What the exercise asks:
Below are some records. Copy every line in them that holds "BuildSketch".

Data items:
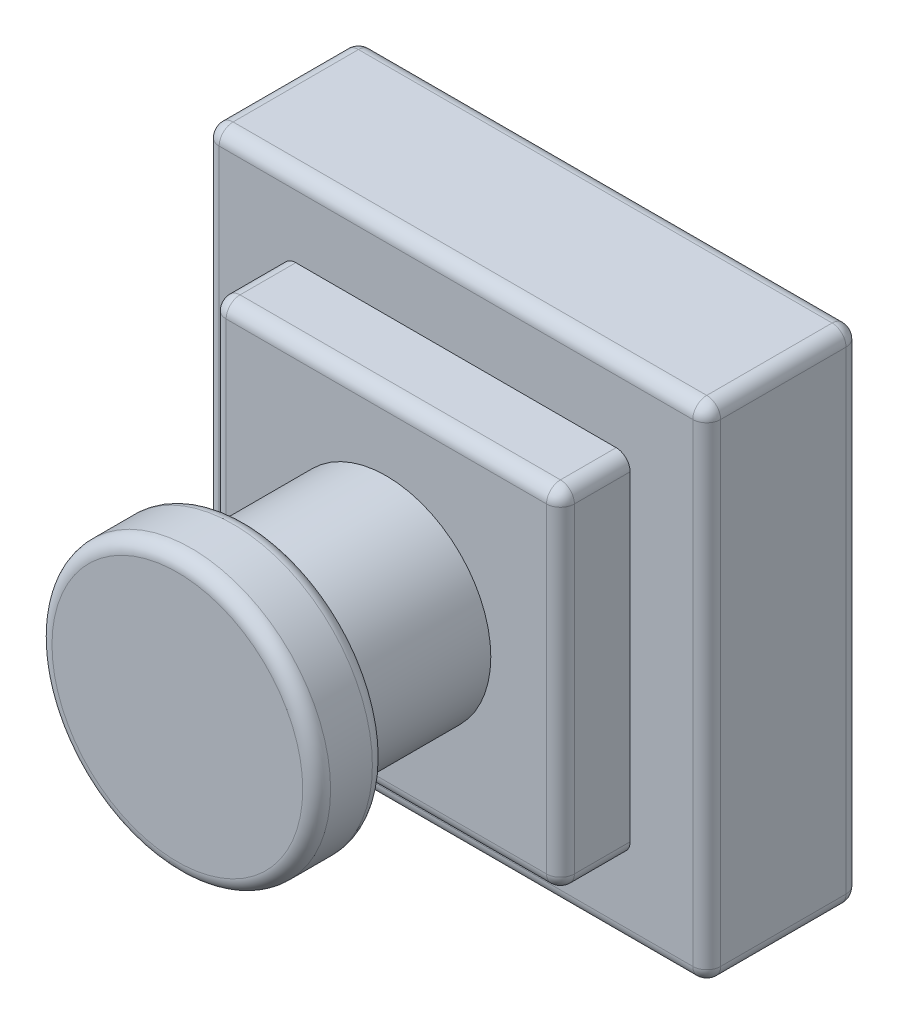
from build123d import *

# Parameters (mm, degrees)
SKETCH_1_W      = 36
SKETCH_1_H      = 36
EXTRUDE_1_DEPTH = 11
FILLET_1_R      = 1
SKETCH_2_W      = 25
SKETCH_2_H      = 25
EXTRUDE_2_DEPTH = 5
FILLET_2_R      = 1
SKETCH_3_R      = 7.5
EXTRUDE_3_DEPTH = 10
SKETCH_4_R      = 10
EXTRUDE_4_DEPTH = 5
FILLET_3_R      = 1


with BuildPart() as part:
    # 草图1 → 凸台-拉伸1 (new body)
    with BuildSketch(Plane.XY):
        with Locations((18, -18)):
            Rectangle(SKETCH_1_W, SKETCH_1_H)
    extrude(amount=EXTRUDE_1_DEPTH)

    # 圆角1
    fillet_1_edges = [part.edges().sort_by_distance(p)[0] for p in [
        (36, -18, 11),
        (18, 0, 11),
        (0, -18, 11),
        (18, 0, 0),
        (36, -18, 0),
        (18, -36, 0),
        (0, -18, 0),
        (0, 0, 5.5),
        (36, 0, 5.5),
        (36, -36, 5.5),
        (0, -36, 5.5),
        (18, -36, 11),
    ]]
    fillet(fillet_1_edges, radius=FILLET_1_R)

    # 草图2 → 凸台-拉伸2 (add)
    with BuildSketch(Plane.XY.offset(11)):
        with Locations((18, -18)):
            Rectangle(SKETCH_2_W, SKETCH_2_H)
    extrude(amount=EXTRUDE_2_DEPTH)

    # 圆角2
    fillet_2_edges = [part.edges().sort_by_distance(p)[0] for p in [
        (5.5, -5.5, 13.5),
        (5.5, -30.5, 13.5),
        (30.5, -30.5, 13.5),
        (30.5, -5.5, 13.5),
        (5.5, -18, 16),
        (18, -30.5, 16),
        (30.5, -18, 16),
        (18, -5.5, 16),
    ]]
    fillet(fillet_2_edges, radius=FILLET_2_R)

    # 草图3 → 凸台-拉伸3 (add)
    with BuildSketch(Plane.XY.offset(16)):
        with Locations((18, -18)):
            Circle(SKETCH_3_R)
    extrude(amount=EXTRUDE_3_DEPTH)

    # 草图4 → 凸台-拉伸4 (add)
    with BuildSketch(Plane.XY.offset(26)):
        with Locations((18, -18)):
            Circle(SKETCH_4_R)
    extrude(amount=EXTRUDE_4_DEPTH)

    # 圆角3
    fillet_3_edges = [part.edges().sort_by_distance(p)[0] for p in [
        (10.5, -18, 26),
        (8, -18, 26),
        (8, -18, 31),
    ]]
    fillet(fillet_3_edges, radius=FILLET_3_R)


solid = part.part

Result of the task:
    with BuildSketch(Plane.XY):
    with BuildSketch(Plane.XY.offset(11)):
    with BuildSketch(Plane.XY.offset(16)):
    with BuildSketch(Plane.XY.offset(26)):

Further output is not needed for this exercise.